Das Pareto-Prinzip (auch: Pareto-Effekt oder 80/20-Regel) besagt, dass 80 Prozent der Ergebnisse schon mit 20 Prozent des Aufwands erreicht werden können. Dafür benötigen die verbleibenden 20 Prozent der Aufgaben rund 80 Prozent der Ressourcen und Arbeitszeit.

Erfinder des Pareto-Prinzips ist der italienische Ökonom Vilfredo Pareto. Er untersuchte um 1906 die Verteilung des Volksvermögens in Italien und entdeckte, dass sich rund 80 Prozent des Staatsbesitzes auf 20 Prozent der italienischen Familien konzentrierte.

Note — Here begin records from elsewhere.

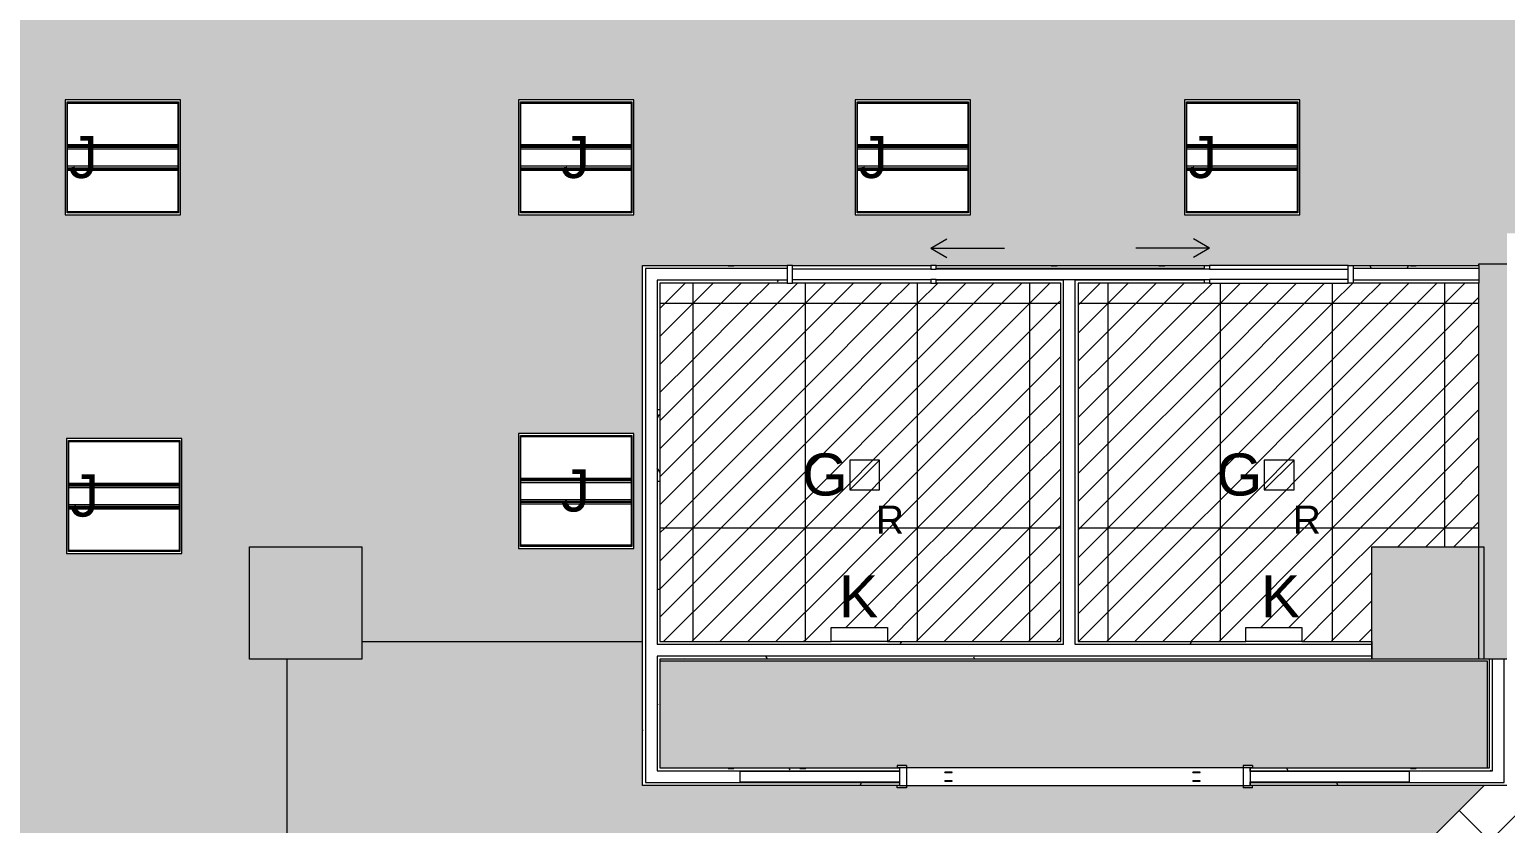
# Model space of a CAD drawing. Header units: inches. Extents: x 1180 to 3050, y -149 to 1363.
# Drawn here: x 1394.3 to 1710, y 556.6 to 726.3 of the extents above; entities that cross this region are included whole.
import ezdxf

# ---------------------------------------------------------------- set-up
doc = ezdxf.new("R2010")
doc.units = ezdxf.units.IN
doc.header["$MEASUREMENT"] = 0
for name, color, linetype, lineweight in [('A-CLNG', 13, 'Continuous', 13), ('A-CLNG-PATT', 13, 'Continuous', 13), ('A-COLS', 52, 'Continuous', 13), ('A-DOOR', 31, 'Continuous', 13), ('A-DOOR-FRAM', 31, 'Continuous', 20), ('A-WALL', 113, 'Continuous', 13), ('A-WALL-PATT', 111, 'Continuous', 13), ('E-LITE-EQPM', 33, 'Continuous', 13), ('E-LITE-EQPM-IDEN', 33, 'Continuous', 9), ('G-ANNO-TEXT', 231, 'Continuous', 9), ('I-WALL', 2, 'Continuous', 13)]:
    doc.layers.add(name, color=color, linetype=linetype, lineweight=lineweight)
doc.styles.add('Arial', font='arial.ttf', dxfattribs={"height": 9})
doc.styles.add('Swis721 Lt BT', font='swissl.ttf', dxfattribs={"height": 6})
pattern_1 = [(0, (0, 0), (30.72, 7.68), [1.267, -21.773, 1.267, -21.773, -122.88]), (0, (0, 0), (30.72, 7.68), [-46.08, 1.267, -44.813, 1.267, -21.773, -53.76]), (0, (0, 0), (30.72, 7.68), [-115.2, 1.267, -14.093, 1.267, -37.133]), (120, (11.52, 3.84), (-22.011075, 22.7643), [1.267, -21.773, 1.267, -21.773, -122.88]), (120, (11.52, 3.84), (-22.011075, 22.7643), [-46.08, 1.267, -44.813, 1.267, -21.773, -53.76]), (120, (11.52, 3.84), (-22.011075, 22.7643), [-115.2, 1.267, -14.093, 1.267, -37.133]), (240, (15.36, 19.2), (-8.708925, -30.4443), [1.267, -21.773, 1.267, -21.773, -122.88]), (240, (15.36, 19.2), (-8.708925, -30.4443), [-46.08, 1.267, -44.813, 1.267, -21.773, -53.76]), (240, (15.36, 19.2), (-8.708925, -30.4443), [-115.2, 1.267, -14.093, 1.267, -37.133])]

# ---------------------------------------------------------------- blocks, each defined once
blk = doc.blocks.new('Column Set - Column Set-6509051-FIRST FLOOR')
at = {"layer": 'A-COLS', "lineweight": 9}
h = blk.add_hatch(color=7, dxfattribs=at)
h.paths.add_polyline_path([(3038.48, -123.25), (3038.48, -107.25), (3019.98, -107.25), (3019.98, -123.25), (3027.79, -123.25)], flags=0)
h.paths.add_polyline_path([(2666.36, -123.25), (2666.36, -107.25), (2655.17, -107.25), (2655.17, -123.25)], flags=0)
h.paths.add_polyline_path([(2642.36, -123.25), (2651.67, -123.25), (2651.67, -107.25), (2642.36, -107.25), (2642.36, -116.33)], flags=0)
h.paths.add_polyline_path([(2411.67, -123.25), (2411.67, -107.25), (2402.36, -107.25), (2402.36, -123.25)], flags=0)
h.paths.add_polyline_path([(2415.17, -123.25), (2426.36, -123.25), (2426.36, -107.25), (2415.17, -107.25), (2415.17, -116.33)], flags=0)
h.paths.add_polyline_path([(2175.17, -123.25), (2186.36, -123.25), (2186.36, -107.25), (2175.17, -107.25), (2175.17, -116.33)], flags=0)
h.paths.add_polyline_path([(2171.67, -123.25), (2171.67, -107.25), (2162.36, -107.25), (2162.36, -123.25)], flags=0)
h.paths.add_polyline_path([(1931.67, -123.25), (1931.67, -107.25), (1922.3, -107.25), (1922.3, -123.25)], flags=0)
h.paths.add_polyline_path([(1935.17, -123.25), (1946.3, -123.25), (1946.3, -107.25), (1935.17, -107.25), (1935.17, -116.33)], flags=0)
h.paths.add_polyline_path([(1586.3, -123.25), (1586.3, -107.25), (1562.3, -107.25), (1562.3, -123.25), (1567.23, -123.25)], flags=0)
h.paths.add_polyline_path([(1571.47, 54.24), (1582.78, 65.55), (1565.81, 82.52), (1554.5, 71.21), (1567.75, 57.96)], flags=0)
h.paths.add_polyline_path([(2642.36, 111.75), (2666.36, 111.75), (2666.36, 123.75), (2642.36, 123.75), (2642.36, 121.3)], flags=0)
h.paths.add_polyline_path([(3031.5, 111.75), (3038.48, 111.75), (3038.48, 135.75), (3019.98, 135.75), (3019.98, 111.75), (3023.36, 111.75)], flags=0)
h.paths.add_polyline_path([(2893.67, 111.75), (2906.36, 111.75), (2906.36, 135.75), (2882.36, 135.75), (2882.36, 111.75), (2891.67, 111.75)], flags=0)
h.paths.add_polyline_path([(1922.3, 111.75), (1946.3, 111.75), (1946.3, 135.75), (1922.3, 135.75), (1922.3, 121.3)], flags=0)
h.paths.add_polyline_path([(2170.07, 111.75), (2186.36, 111.75), (2186.36, 135.75), (2162.36, 135.75), (2162.36, 111.75)], flags=0)
h.paths.add_polyline_path([(2420.87, 111.75), (2426.36, 111.75), (2426.36, 135.75), (2402.36, 135.75), (2402.36, 111.75)], flags=0)
h.paths.add_polyline_path([(1705.4, 111.75), (1705.4, 135.75), (1681.4, 135.75), (1681.4, 111.75), (1686.23, 111.75)], flags=0)
h.paths.add_polyline_path([(1401.76, 223.95), (1413.08, 235.26), (1396.11, 252.23), (1384.79, 240.92), (1398.32, 227.38)], flags=0)
h.paths.add_polyline_path([(1206.4, 231.75), (1222.4, 231.75), (1222.4, 255.75), (1206.4, 255.75), (1206.4, 237.75)], flags=0)
h.paths.add_polyline_path([(3023.36, 351.75), (3038.48, 351.75), (3038.48, 375.75), (3019.98, 375.75), (3019.98, 351.75)], flags=0)
h.paths.add_polyline_path([(2882.36, 351.75), (2906.36, 351.75), (2906.36, 375.75), (2882.36, 375.75), (2882.36, 358.94)], flags=0)
h.paths.add_polyline_path([(2402.36, 351.75), (2426.36, 351.75), (2426.36, 375.75), (2402.36, 375.75), (2402.36, 358.94)], flags=0)
h.paths.add_polyline_path([(1941.74, 351.75), (1946.3, 351.75), (1946.3, 373.75), (1922.3, 373.75), (1922.3, 351.75)], flags=0)
h.paths.add_polyline_path([(2169.13, 351.75), (2186.36, 351.75), (2186.36, 373.75), (2162.36, 373.75), (2162.36, 351.75), (2162.63, 351.75)], flags=0)
h.paths.add_polyline_path([(1441.4, 351.75), (1465.4, 351.75), (1465.4, 375.75), (1441.4, 375.75), (1441.4, 358.94)], flags=0)
h.paths.add_polyline_path([(2666.36, 364), (2666.36, 375.75), (2642.36, 375.75), (2642.36, 364), (2662.86, 364)], flags=0)
h.paths.add_polyline_path([(2014.17, 433.88), (2016.66, 439.88), (2008.17, 439.88), (2011.18, 436.87)], flags=0)
h.paths.add_polyline_path([(2016.66, 439.88), (2020.17, 439.88), (2031.14, 450.85), (2024.07, 457.92), (2011.34, 445.19), (2015.59, 440.95)], flags=0)
h.paths.add_polyline_path([(2067.91, 487.62), (2084.88, 504.59), (2077.81, 511.66), (2060.84, 494.69), (2063.67, 491.86)], flags=0)
h.paths.add_polyline_path([(2180.36, 511.88), (2186.36, 511.88), (2186.36, 535.75), (2162.36, 535.75), (2162.36, 512.6), (2163.48, 511.88)], flags=0)
h.paths.add_polyline_path([(1930.03, 518.02), (1947, 534.99), (1939.93, 542.07), (1922.95, 525.09), (1927.2, 520.85)], flags=0)
h.paths.add_polyline_path([(2118.15, 553.34), (2129.47, 564.66), (2120.98, 573.14), (2109.67, 561.83), (2114.53, 556.96)], flags=0)
h.paths.add_polyline_path([(1983.77, 571.76), (2000.74, 588.73), (1993.67, 595.81), (1976.69, 578.83)], flags=0)
h.paths.add_polyline_path([(1856.49, 591.56), (1873.46, 608.53), (1866.39, 615.6), (1849.42, 598.63), (1855.96, 592.09)], flags=0)
h.paths.add_polyline_path([(3036.81, 591.75), (3038.48, 591.75), (3038.48, 615.75), (3019.98, 615.75), (3019.98, 591.75), (3035.52, 591.75)], flags=0)
h.paths.add_polyline_path([(2882.36, 591.75), (2906.36, 591.75), (2906.36, 615.75), (2882.36, 615.75), (2882.36, 596.57)], flags=0)
h.paths.add_polyline_path([(2666.36, 591.75), (2666.36, 615.75), (2642.36, 615.75), (2642.36, 591.75)], flags=0)
h.paths.add_polyline_path([(2402.36, 591.75), (2426.36, 591.75), (2426.36, 615.75), (2402.36, 615.75), (2402.36, 596.57)], flags=0)
h.paths.add_polyline_path([(1705.35, 591.75), (1705.35, 615.75), (1681.4, 615.75), (1681.4, 591.75), (1697.88, 591.75)], flags=0)
h.paths.add_polyline_path([(1441.4, 591.75), (1465.4, 591.75), (1465.4, 615.75), (1441.4, 615.75), (1441.4, 595.5)], flags=0)
h.paths.add_polyline_path([(1206.4, 591.75), (1222.4, 591.75), (1222.4, 615.75), (1206.4, 615.75), (1206.4, 596.57)], flags=0)
h.paths.add_polyline_path([(1910.23, 645.3), (1927.2, 662.27), (1920.13, 669.34), (1903.16, 652.37)], flags=0)
h.paths.add_polyline_path([(1783.65, 664.39), (1800.63, 681.37), (1793.55, 688.44), (1776.58, 671.47), (1777.33, 670.72)], flags=0)
h.paths.add_polyline_path([(2056.6, 665.81), (2065.08, 674.29), (2048.11, 691.26), (2039.63, 682.78), (2046.63, 675.78)], flags=0)
h.paths.add_polyline_path([(1837.39, 718.13), (1854.37, 735.11), (1847.29, 742.18), (1830.32, 725.21), (1834.57, 720.96)], flags=0)
h.paths.add_polyline_path([(1990.13, 732.28), (1998.62, 740.76), (1981.64, 757.73), (1973.16, 749.25), (1981.64, 740.76)], flags=0)
h.paths.add_polyline_path([(2178.36, 743.75), (2180.44, 743.75), (2183.07, 761.75), (2160.36, 761.75), (2160.36, 744.08), (2163.86, 743.75), (2164.63, 743.75)], flags=0)
h.paths.add_polyline_path([(2183.36, 743.75), (2184.36, 743.75), (2184.36, 761.75), (2183.36, 761.75), (2183.36, 749.75)], flags=0)
h.paths.add_polyline_path([(1682.58, 831.75), (1705.4, 831.75), (1705.4, 855.75), (1681.4, 855.75), (1681.4, 831.75)], flags=0)
h.paths.add_polyline_path([(1206.4, 831.75), (1222.4, 831.75), (1222.4, 855.75), (1206.4, 855.75), (1206.4, 834.2)], flags=0)
h.paths.add_polyline_path([(1465.4, 831.75), (1465.4, 855.75), (1441.4, 855.75), (1441.4, 831.75), (1451.4, 831.75)], flags=0)
h.paths.add_polyline_path([(3019.98, 853.75), (3038.48, 853.75), (3038.48, 871.75), (3043.98, 874.5), (3043.98, 877.75), (3019.98, 877.75), (3019.98, 855.06)], flags=0)
h.paths.add_polyline_path([(2906.36, 853.75), (2906.36, 877.75), (2882.36, 877.75), (2882.36, 853.75), (2891.61, 853.75)], flags=0)
h.paths.add_polyline_path([(2650.11, 853.75), (2666.36, 853.75), (2666.36, 877.75), (2642.36, 877.75), (2642.36, 853.75)], flags=0)
h.paths.add_polyline_path([(2426.36, 853.75), (2426.36, 877.75), (2402.36, 877.75), (2402.36, 853.75), (2417.18, 853.75)], flags=0)
h.paths.add_polyline_path([(2165.09, 859.75), (2184.36, 859.75), (2184.36, 877.75), (2160.36, 877.75), (2160.36, 859.75)], flags=0)
h.paths.add_polyline_path([(1928.9, 871.75), (1946.9, 871.75), (1946.9, 895.75), (1928.9, 895.75), (1928.9, 877.75)], flags=0)
h.paths.add_polyline_path([(1938.9, 1071.75), (1946.9, 1071.75), (1946.9, 1095.75), (1922.9, 1095.75), (1922.9, 1071.75), (1938.88, 1071.75)], flags=0)
h.paths.add_polyline_path([(1702.27, 1071.75), (1705.4, 1071.75), (1705.4, 1095.75), (1681.4, 1095.75), (1681.4, 1071.75), (1702.22, 1071.75)], flags=0)
h.paths.add_polyline_path([(1441.4, 1071.75), (1465.4, 1071.75), (1465.4, 1095.75), (1441.4, 1095.75), (1441.4, 1071.84)], flags=0)
h.paths.add_polyline_path([(1206.4, 1071.75), (1222.4, 1071.75), (1222.4, 1095.75), (1206.4, 1095.75), (1206.4, 1071.84)], flags=0)
h.paths.add_polyline_path([(1946.9, 1191.75), (1946.9, 1215.75), (1922.9, 1215.75), (1922.9, 1191.75)], flags=0)
h.paths.add_polyline_path([(1922.9, 1338.25), (1946.9, 1338.25), (1946.9, 1356.25), (1940.4, 1356.25), (1938.9, 1354.75), (1922.9, 1354.75)], flags=0)
h.paths.add_polyline_path([(1799.9, 1338.25), (1823.9, 1338.25), (1823.9, 1354.75), (1799.9, 1354.75)], flags=0)
h.paths.add_polyline_path([(1681.4, 1338.25), (1705.4, 1338.25), (1705.4, 1354.75), (1681.4, 1354.75)], flags=0)
h.paths.add_polyline_path([(1581.6, 1338.25), (1586.9, 1338.25), (1586.9, 1354.75), (1562.9, 1354.75), (1562.9, 1338.25), (1579.42, 1338.25)], flags=0)
h.paths.add_polyline_path([(1212.04, 1338.25), (1222.4, 1338.25), (1222.4, 1354.75), (1185.4, 1354.75), (1185.4, 1338.25), (1208.06, 1338.25)], flags=0)
h.paths.add_polyline_path([(1465.4, 1338.25), (1465.4, 1354.75), (1441.4, 1354.75), (1441.4, 1338.25)], flags=0)
h.paths.add_polyline_path([(1343.9, 1338.25), (1343.9, 1354.75), (1319.9, 1354.75), (1319.9, 1338.25)], flags=0)
at = {"layer": 'A-COLS', "color": 8, "lineweight": 20}
for p, q in [((1441.4, 615.75), (1465.4, 615.75)), ((1441.4, 591.75), (1441.4, 615.75)), ((1465.4, 615.75), (1465.4, 591.75)), ((1681.4, 615.75), (1705.35, 615.75)), ((1681.4, 591.75), (1681.4, 615.75)), ((1705.35, 615.75), (1705.35, 591.75)), ((1465.4, 591.75), (1441.4, 591.75)), ((1705.35, 591.75), (1681.4, 591.75))]:
    blk.add_line(p, q, dxfattribs=at)
blk = doc.blocks.new('Door - Pocket Single - Full-Lite 3-6916619-FIRST FLOOR')
at = {"layer": 'A-DOOR', "lineweight": 9}
for p, q in [((18.81, 5.7), (22.22, 7.67)), ((18.81, 5.7), (22.22, 3.73)), ((18.81, 5.7), (34.55, 5.7)), ((-10.82, 1.96), (-11.94, 1.96)), ((-10.82, 1.96), (18.81, 1.96)), ((-10.82, -1.79), (-10.82, 1.96)), ((18.81, 1.17), (-10.82, 1.17)), ((18.81, 1.96), (18.81, 1.17)), ((19.93, 1.96), (18.81, 1.96)), ((18.81, 1.17), (19.93, 1.17)), ((-11.94, -1.79), (-10.82, -1.79)), ((-10.82, -0.99), (18.81, -0.99)), ((18.81, -1.79), (-10.82, -1.79)), ((19.93, -0.99), (18.81, -0.99)), ((18.81, -0.99), (18.81, -1.79)), ((18.81, -1.79), (19.93, -1.79))]:
    blk.add_line(p, q, dxfattribs=at)
blk = doc.blocks.new('Door - Pocket Single - Full-Lite 3-6917363-FIRST FLOOR')
at = {"layer": 'A-DOOR', "lineweight": 9}
for p, q in [((-11.94, 1.79), (-10.82, 1.79)), ((18.81, 1.79), (-10.82, 1.79)), ((-10.82, 1.79), (-10.82, -1.96)), ((-10.82, 0.99), (18.81, 0.99)), ((18.81, 0.99), (18.81, 1.79)), ((18.81, 1.79), (19.93, 1.79)), ((19.93, 0.99), (18.81, 0.99)), ((-10.82, -1.96), (-11.94, -1.96)), ((18.81, -1.17), (-10.82, -1.17)), ((-10.82, -1.96), (18.81, -1.96)), ((18.81, -1.96), (18.81, -1.17)), ((18.81, -1.17), (19.93, -1.17)), ((19.93, -1.96), (18.81, -1.96)), ((18.81, -5.7), (22.22, -3.73)), ((18.81, -5.7), (22.22, -7.67)), ((18.81, -5.7), (34.55, -5.7))]:
    blk.add_line(p, q, dxfattribs=at)
blk = doc.blocks.new('Double Flush Pocket - Int-PP-F-WDMF-72_ x 84-6822532-FIRST FLOOR')
at = {"layer": 'A-DOOR', "lineweight": 9}
for p, q in [((-25.24, 0.99), (-26.82, 0.99)), ((-26.82, 0.99), (-26.82, 0.88)), ((-26.82, 0.88), (-25.24, 0.88)), ((-25.24, 0.99), (-25.24, 0.88)), ((27.79, 0.99), (26.21, 0.99)), ((26.21, 0.99), (26.21, 0.88)), ((26.21, 0.88), (27.79, 0.88)), ((27.79, 0.99), (27.79, 0.88)), ((-25.24, -0.88), (-26.82, -0.88)), ((-26.82, -0.88), (-26.82, -0.99)), ((-26.82, -0.99), (-25.24, -0.99)), ((-25.24, -0.88), (-25.24, -0.99)), ((27.79, -0.88), (26.21, -0.88)), ((26.21, -0.88), (26.21, -0.99)), ((26.21, -0.99), (27.79, -0.99)), ((27.79, -0.88), (27.79, -0.99))]:
    blk.add_line(p, q, dxfattribs=at)
at = {"layer": 'A-DOOR-FRAM'}
for p, q in [((-38, 2.38), (-36, 2.38)), ((-38, 2.38), (-38, 1.88)), ((-38, 1.88), (-37.5, 1.88)), ((-37.5, -1.88), (-37.5, 1.88)), ((-36, -2.38), (-36, 2.38)), ((36, -2.38), (36, 2.38)), ((36, 2.38), (38, 2.38)), ((37.5, 1.88), (38, 1.88)), ((37.5, -1.88), (37.5, 1.88)), ((38, 2.38), (38, 1.88)), ((-38, -1.88), (-37.5, -1.88)), ((-38, -2.38), (-38, -1.88)), ((-38, -2.38), (-36, -2.38)), ((36, -2.38), (38, -2.38)), ((37.5, -1.88), (38, -1.88)), ((38, -2.38), (38, -1.88))]:
    blk.add_line(p, q, dxfattribs=at)
blk = doc.blocks.new('L-Recessed-Axis-Plano - 2 X 2-4550865-FIRST FLOOR')
at = {"layer": 'E-LITE-EQPM', "lineweight": 9}
for p, q in [((11.91, 11.87), (-11.91, 11.87)), ((-11.91, 11.87), (-11.91, -11.88)), ((-11.88, -11.56), (-11.88, 11.56)), ((-11.88, 11.56), (11.87, 11.56)), ((11.87, 11.56), (11.87, -11.56)), ((11.91, -11.88), (11.91, 11.87)), ((-11.88, 2.74), (11.87, 2.74)), ((11.87, 2.51), (-11.88, 2.51)), ((-11.88, 2.3), (11.87, 2.3)), ((-11.88, 2.2), (11.87, 2.2)), ((-11.88, 1.83), (11.87, 1.83)), ((-11.88, -1.83), (11.87, -1.83)), ((-11.88, -2.2), (11.87, -2.2)), ((-11.88, -2.3), (11.87, -2.3)), ((-11.88, -2.51), (11.87, -2.51)), ((-11.88, -2.74), (11.87, -2.74)), ((-11.91, -11.88), (11.91, -11.88)), ((11.87, -11.56), (-11.88, -11.56))]:
    blk.add_line(p, q, dxfattribs=at)
blk = doc.blocks.new('L-Recessed Square Downlight - 6_-4552745-FIRST FLOOR')
at = {"layer": 'E-LITE-EQPM', "lineweight": 9}
for p, q in [((-3.1875, -3.1875), (-3.1875, 3.1875)), ((-3.1875, 3.1875), (3.1875, 3.1875)), ((-3.1875, 3.1875), (3.1875, -3.1875)), ((3.1875, 3.1875), (3.1875, -3.1875)), ((3.1875, -3.1875), (-3.1875, -3.1875))]:
    blk.add_line(p, q, dxfattribs=at)
blk = doc.blocks.new('Lighting Fixtures 1 - Lighting Fixtures 1-7241299-FIRST FLOOR')
at = {"layer": 'E-LITE-EQPM', "lineweight": 9}
for p, q in [((1565.78, 598.5), (1577.78, 598.5)), ((1565.78, 595.5), (1565.78, 598.5)), ((1577.78, 598.5), (1577.78, 595.5)), ((1577.78, 595.5), (1565.78, 595.5))]:
    blk.add_line(p, q, dxfattribs=at)
blk = doc.blocks.new('Lighting Fixtures 2 - Lighting Fixtures 1-7241373-FIRST FLOOR')
at = {"layer": 'E-LITE-EQPM', "lineweight": 9}
for p, q in [((1565.78, 598.5), (1577.78, 598.5)), ((1565.78, 595.5), (1565.78, 598.5)), ((1577.78, 598.5), (1577.78, 595.5)), ((1577.78, 595.5), (1565.78, 595.5))]:
    blk.add_line(p, q, dxfattribs=at)

msp = doc.modelspace()

# ---------------------------------------------------------------- hatches: boundary and pattern name
at = {"layer": 'A-CLNG-PATT'}
h = msp.add_hatch(dxfattribs=at)
h.set_pattern_fill('FP1_27', color=256, style=0, pattern_type=2)
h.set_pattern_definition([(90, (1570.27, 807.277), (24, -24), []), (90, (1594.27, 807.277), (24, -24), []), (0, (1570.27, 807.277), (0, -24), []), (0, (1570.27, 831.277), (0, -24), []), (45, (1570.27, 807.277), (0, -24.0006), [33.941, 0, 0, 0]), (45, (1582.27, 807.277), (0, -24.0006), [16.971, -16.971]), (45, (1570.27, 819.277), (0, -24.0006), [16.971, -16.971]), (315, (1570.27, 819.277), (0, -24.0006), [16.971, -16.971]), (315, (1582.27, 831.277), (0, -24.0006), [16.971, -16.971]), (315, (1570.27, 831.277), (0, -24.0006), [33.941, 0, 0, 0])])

Daraus folgerte er, dass sich die Banken mehr um diese 20 Prozent Reichen kümmern sollten, weil damit deutlich mehr Profit zu machen sei – was ihm allerdings harsche Kritik von den anderen 80 Prozent der Bevölkerung einbrachte.

Pareto Prinzip Definition

Das Pareto Prinzip beschreibt die Beziehung zwischen Aufwand (Input) und dem Ertrag (Output). Laut der Regel erreichen wir oft schon mit 20 Prozent des Einsatzes rund 80 Prozent vom Ergebnis. Um die letzten 20 Prozent zu erreichen, müssen wir allerdings nochmal 80 Prozent der Zeit und Mittel investieren.

Synonym wird vom Pareto Prinzip (engl. pareto rule) auch von der „Pareto-Regel“ oder der „Pareto Methode“ gesprochen. Üblich sind zudem die Schreibweisen: 80/20 Regel, 80-20-Regel oder 80:20 Regel.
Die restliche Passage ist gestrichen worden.